Task directions → Look through the entries below, please, and copy every line with the word "from".

Dataset →
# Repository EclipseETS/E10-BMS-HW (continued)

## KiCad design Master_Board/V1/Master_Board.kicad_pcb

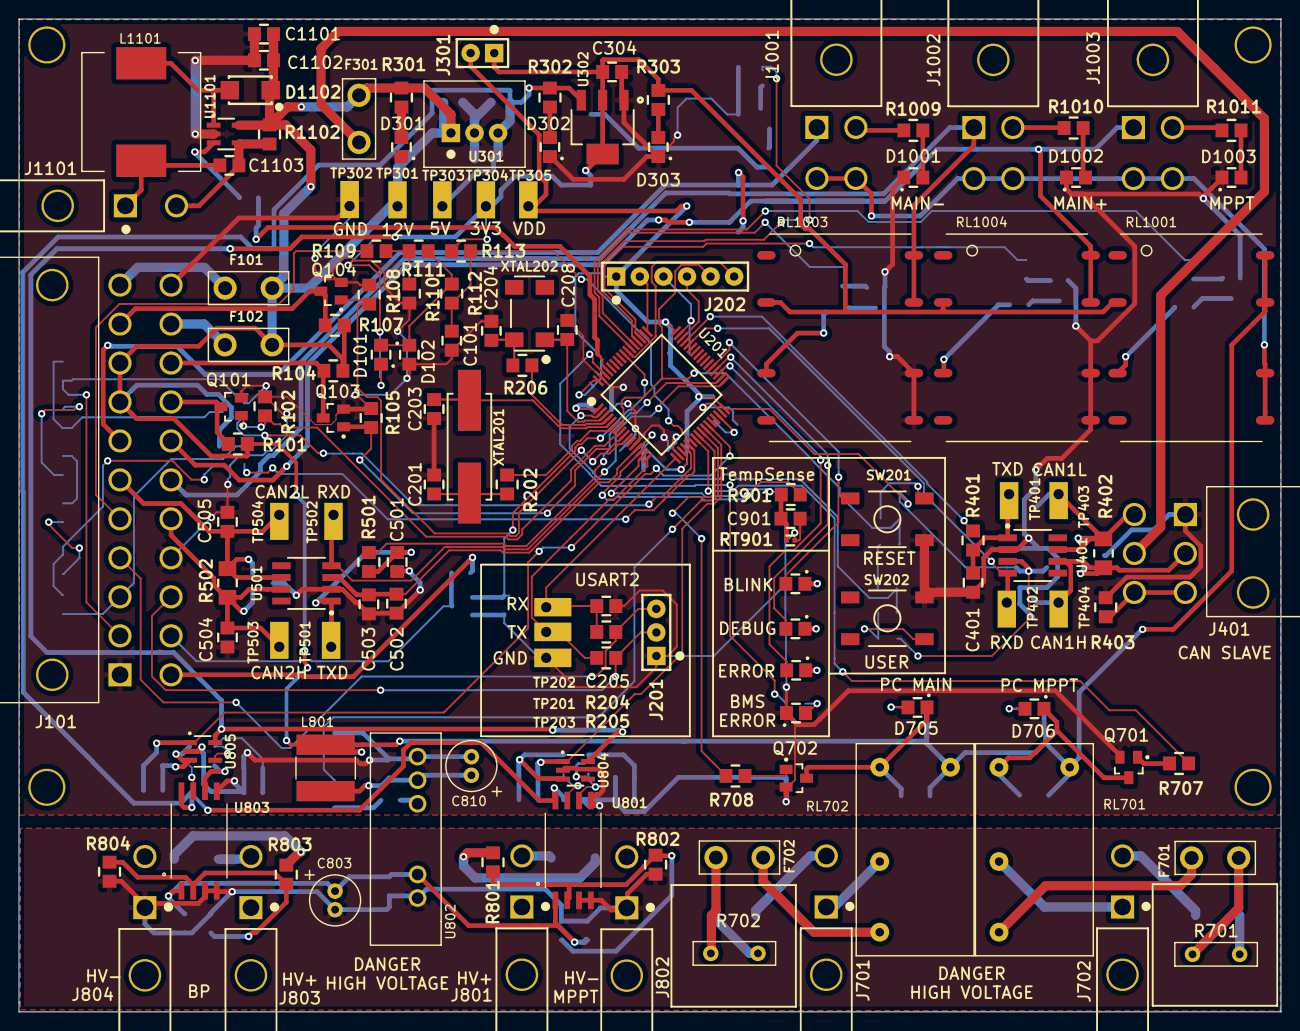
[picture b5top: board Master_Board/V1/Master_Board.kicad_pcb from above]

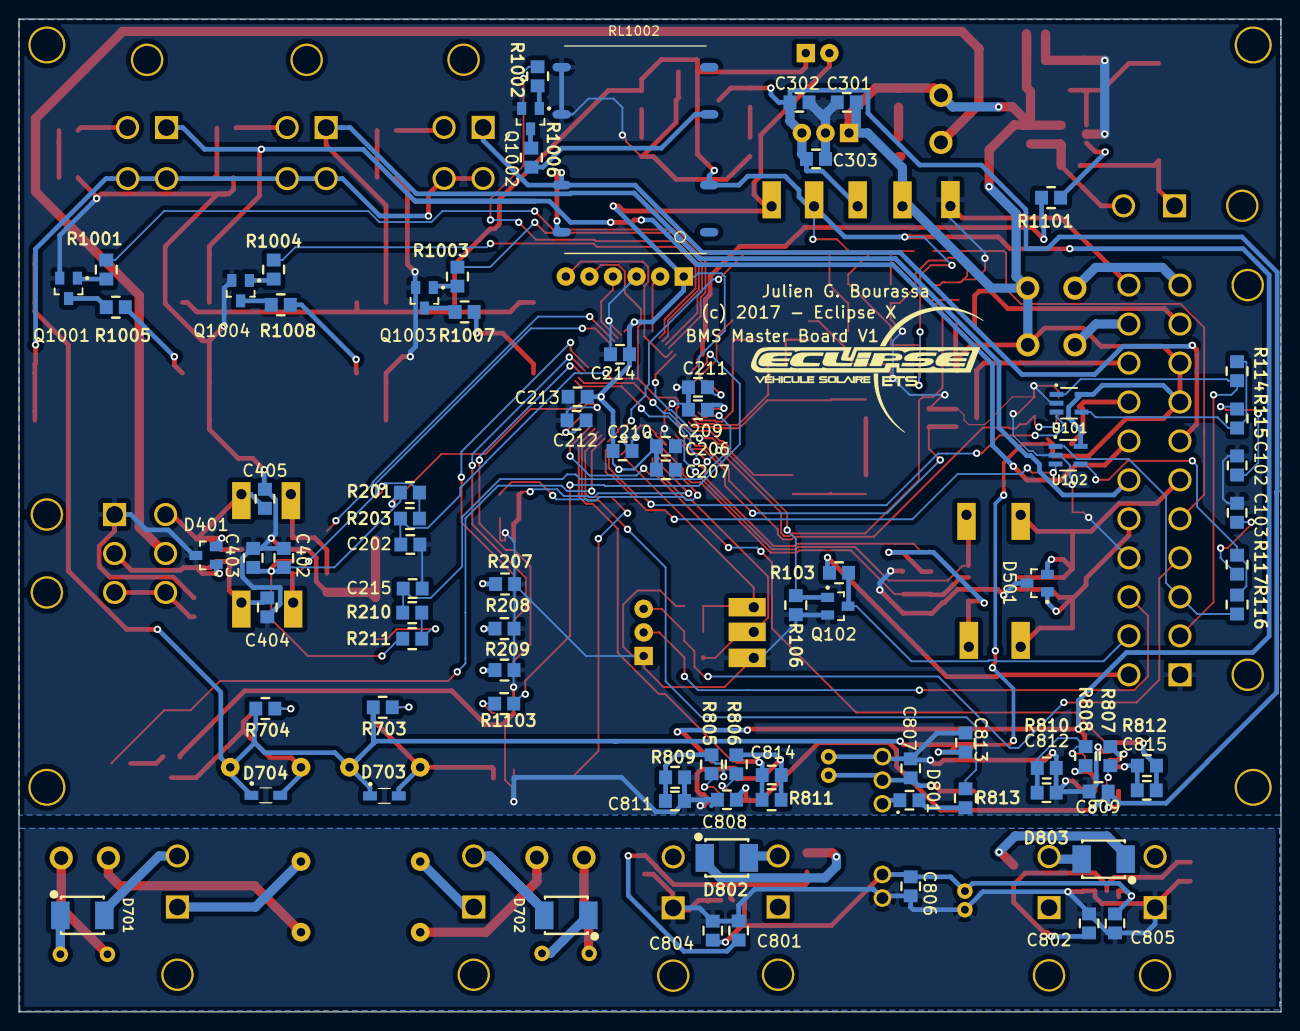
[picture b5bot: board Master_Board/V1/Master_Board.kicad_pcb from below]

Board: 2 copper layers, 136.0 x 107.0 mm, 217 parts (83 on the bottom side), 142 nets.

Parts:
C101, C207: 885012207092; C0805
C102, C103, C202, C210, C211, C213, C214, C215, C403, C503, C804, C805, C806, C807, C808, C809, C1102: 885012207098; C0805
C201, C203, C205, C404, C405, C504, C505: 885012007053; C0805
C204, C208: 885012007027; C0805
C206, C209, C402, C502, C901, C1103: 885012107015; C0805
C212, C301, C302, C1101: 885012107018; C0805
C303: 885012107014; C0805
C304: 885012107005; C0805
C401, C501, C801, C802, C811, C812, C814, C815: 885012207080; C0805
C803, C810: 860020472006; Radial-Can-5_11_2
C813: 885012207075; C0805
D101, D102, D801: SD0805S020S1R0; Diode_0805
D201, D301, D302, D303, D705, D706, D1001, D1002, D1003: 150080VS75000; LED_0805_GREEN
D202: 150080YS75000; LED_0805_YELLOW
D203, D1101: 150080RS75000; LED_0805_RED
D401, D501: D1213A-02SOL-7; SOT-23-3
D701, D702, D802, D803: NRVBS3200T3G; DO-214AA_SMB
D703, D704: NSR0530HT1G; SOD-323
D1102: B240AQ-13-F; DO-214AC_SMA
F101, F102: 39505000440; TE5_395
F301: 39511000440; TE5_395
F701, F702: 80812000440; TE5_395
J101: 649022227222
J201: Header_Male_Pin_2.54mm_1X3_,_Unshrouded; Headers_2.54mm_1X3
J202: Header_Male_Pin_2.54mm_1X6_,_Unshrouded; Headers_2.54mm_1X6
J301: Header_Male_Pin_2.54mm_1X2_,_Unshrouded; Headers_2.54mm_1X2
J401: 649006227222
J701, J702, J801, J802, J803, J804, J1101: 649002227222
J1001, J1002, J1003: 649004227222
L801: 744052471; WE-TPC-SMD
L1101: 7447715330; IND_1245
Q101, Q103, Q104: BSS806NH6327XTSA1; SOT-23-3
Q102: 2N7002P,215; SOT-23-3
Q701, Q702, Q1001, Q1002, Q1003, Q1004: BC849BLT1G; SOT-23-3
R101, R104, R107, R203, R210, R401, R501: RC0805JR-07100RL; R0805
R102, R105, R106, R108, R113: RC0805JR-07100KL; R0805
R103, R1103: RC0805JR-07330RL; R0805
R109: RC0805JR-072KL; R0805
R110: RC0805JR-07680RL; R0805
R111: RC0805JR-0710RL; R0805
R112, R205, R302, R703, R704, R1009, R1010, R1011, R1101: RC0805JR-071KL; R0805
R114, R115, R116, R117, R202, R206, R403: RC0805JR-070RL; R0805
R201, R204, R211, R301: RC0805JR-074K7L; R0805
R207, R208, R209, R303, R813: RC0805JR-07470RL; R0805
R402, R502: RC1206JR-07120RL; R1206
R701, R702: TR50JBC100R; TR50
R707, R708, R802, R804, R805, R806, R807, R808, R1001, R1002, R1003, R1004: RC0805JR-0710KL; R0805
R801, R803: RC0805JR-071ML; R0805
R809, R810, R811, R812: RC0805JR-0715KL; R0805
R901: RC0805JR-0733KL; R0805
R1005, R1006, R1007, R1008: RC0805JR-072K2L; R0805
R1102: RL0805FR-070R15L; R0805
RL701, RL702: ALQ312
RL1001, RL1002, RL1003, RL1004: CPC1907B
RT901: NCP15WB473F03RC; R0402
SW201, SW202: PTS645SM43SMTR92; PTS645_6X6X4_SMD
TP201, TP202, TP203, TP301, TP302, TP303, TP304, TP305, TP401, TP402, TP403, TP404, TP501, TP502, TP503, TP504: Test_Point_THM; Keystone_5001
U101, U102, U804, U805: LMV321RILT; SOT-23-5
U201: STM32F446RE; LQFP-64
U301: OKI-78SR-5/1.5-W36-C; OKI-78SR_Vertical
U302: AZ1117IH-3.3TRG1; SOT-223-3
U401, U501: SN65HVD232DR; SOIC-8
U801, U803: ACPL-C87A-500E; SSO-8
U802: NCS1S2405SC
U1101: AL8807W5-7; SOT-23-5
XTAL201: ABLS-8.000MHZ-D-T; HC49_US
XTAL202: ABS25-32.768KHZ-6-T; ABS25

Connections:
3.3V: C304.2, D101.1, J301.1, R113.1, R303.2, RL1001.2, RL1002.2, RL1003.2, RL1004.2, TP304.1, U302.2, U302.4, U804.5, U805.5
5V: C302.2, C303.2, C808.2, C809.2, R302.2, TP303.1, U301.3, U302.3, U801.8, U803.8
12V: C301.2, C813.1, C1101.1, C1102.1, D703.1, D704.1, D1102.1, F101.2, F102.2, F301.2, J101.8, J101.9, L801.2, R101.1, R104.1, R107.1, R301.2, R703.1, R704.1, R1102.1, RL701.1, RL702.1, RL1001.7, RL1001.8, TP301.1, U101.5, U102.5, U301.1, U1101.5
/12V_IN1: F101.1, J101.11
/12V_IN2: F102.1, J101.21
/ANA1: J101.2, R114.1, U101.1
/ANA2: J101.3, R116.2, U102.1
/ANA_IN: J101.5, R109.1
/ANA_SUP: J101.12, R103.1
/CAN1/CAN_N: C404.1, D401.1, J401.2, R402.2, TP404.1, U401.6
/CAN1/CAN_P: C405.1, D401.2, J401.4, R402.1, TP403.1, U401.7
/CAN1/Shield1: J401.3, J401.6, R403.1
/CAN1_RX: TP402.1, U201.44, U401.4
/CAN1_TX: R401.1, U201.45
/CAN2_H: C504.1, D501.1, J101.16, R502.1, TP503.1, U501.7
/CAN2_L: C505.1, D501.2, J101.6, R502.2, TP504.1, U501.6
/CAN2_RX: TP502.1, U201.33, U501.4
/CAN2_TX: R501.1, U201.34
/IO1: J101.17, J1002.1, RL1003.7, RL1003.8
/IO2: J101.7, J1001.1, RL1002.7, RL1002.8
/IO3: J101.18, J1003.1, RL1004.7, RL1004.8
/IO5: J101.19, Q101.3, R101.2
/IO7: J101.20, Q103.3, R104.2
/IO8: J101.10, Q104.3, R107.2
/Isolated/VoltageSense/5V_ISO: C803.1, C804.2, C805.2, C806.1, U801.1, U802.6, U803.1
/Isolated/VoltageSense/BP-HV+: D803.1, R803.1
/Isolated/VoltageSense/MPPT-HV+: D802.1, R801.1
/NRST: C202.1, J202.5, R203.2, U201.7
/NTC_1_ADC: C901.1, R901.1, RT901.2, U201.15
/NTC_1_GPIO: R901.2, U201.14
/PA4: U101.3, U201.20
/PA5: U102.3, U201.21
/PA6: C101.1, R112.2, R113.2, U201.22
/PA7: R707.2, U201.23
/PB0: C814.1, R811.2, U201.26, U804.1
/PB1: C815.1, R812.2, U201.27, U805.1
/PB4: Q102.1, R106.2, U201.56
/PB8: R1101.2, U201.61
/PB9: R1103.2, U201.62
/PB14: D203.2, U201.35
/PB15: D202.2, U201.36
/PC0: Q101.1, R102.2, U201.8
/PC1: Q103.1, R105.2, U201.9
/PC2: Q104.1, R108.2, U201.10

Exercise result →
[picture b5top: board Master_Board/V1/Master_Board.kicad_pcb from above]
[picture b5bot: board Master_Board/V1/Master_Board.kicad_pcb from below]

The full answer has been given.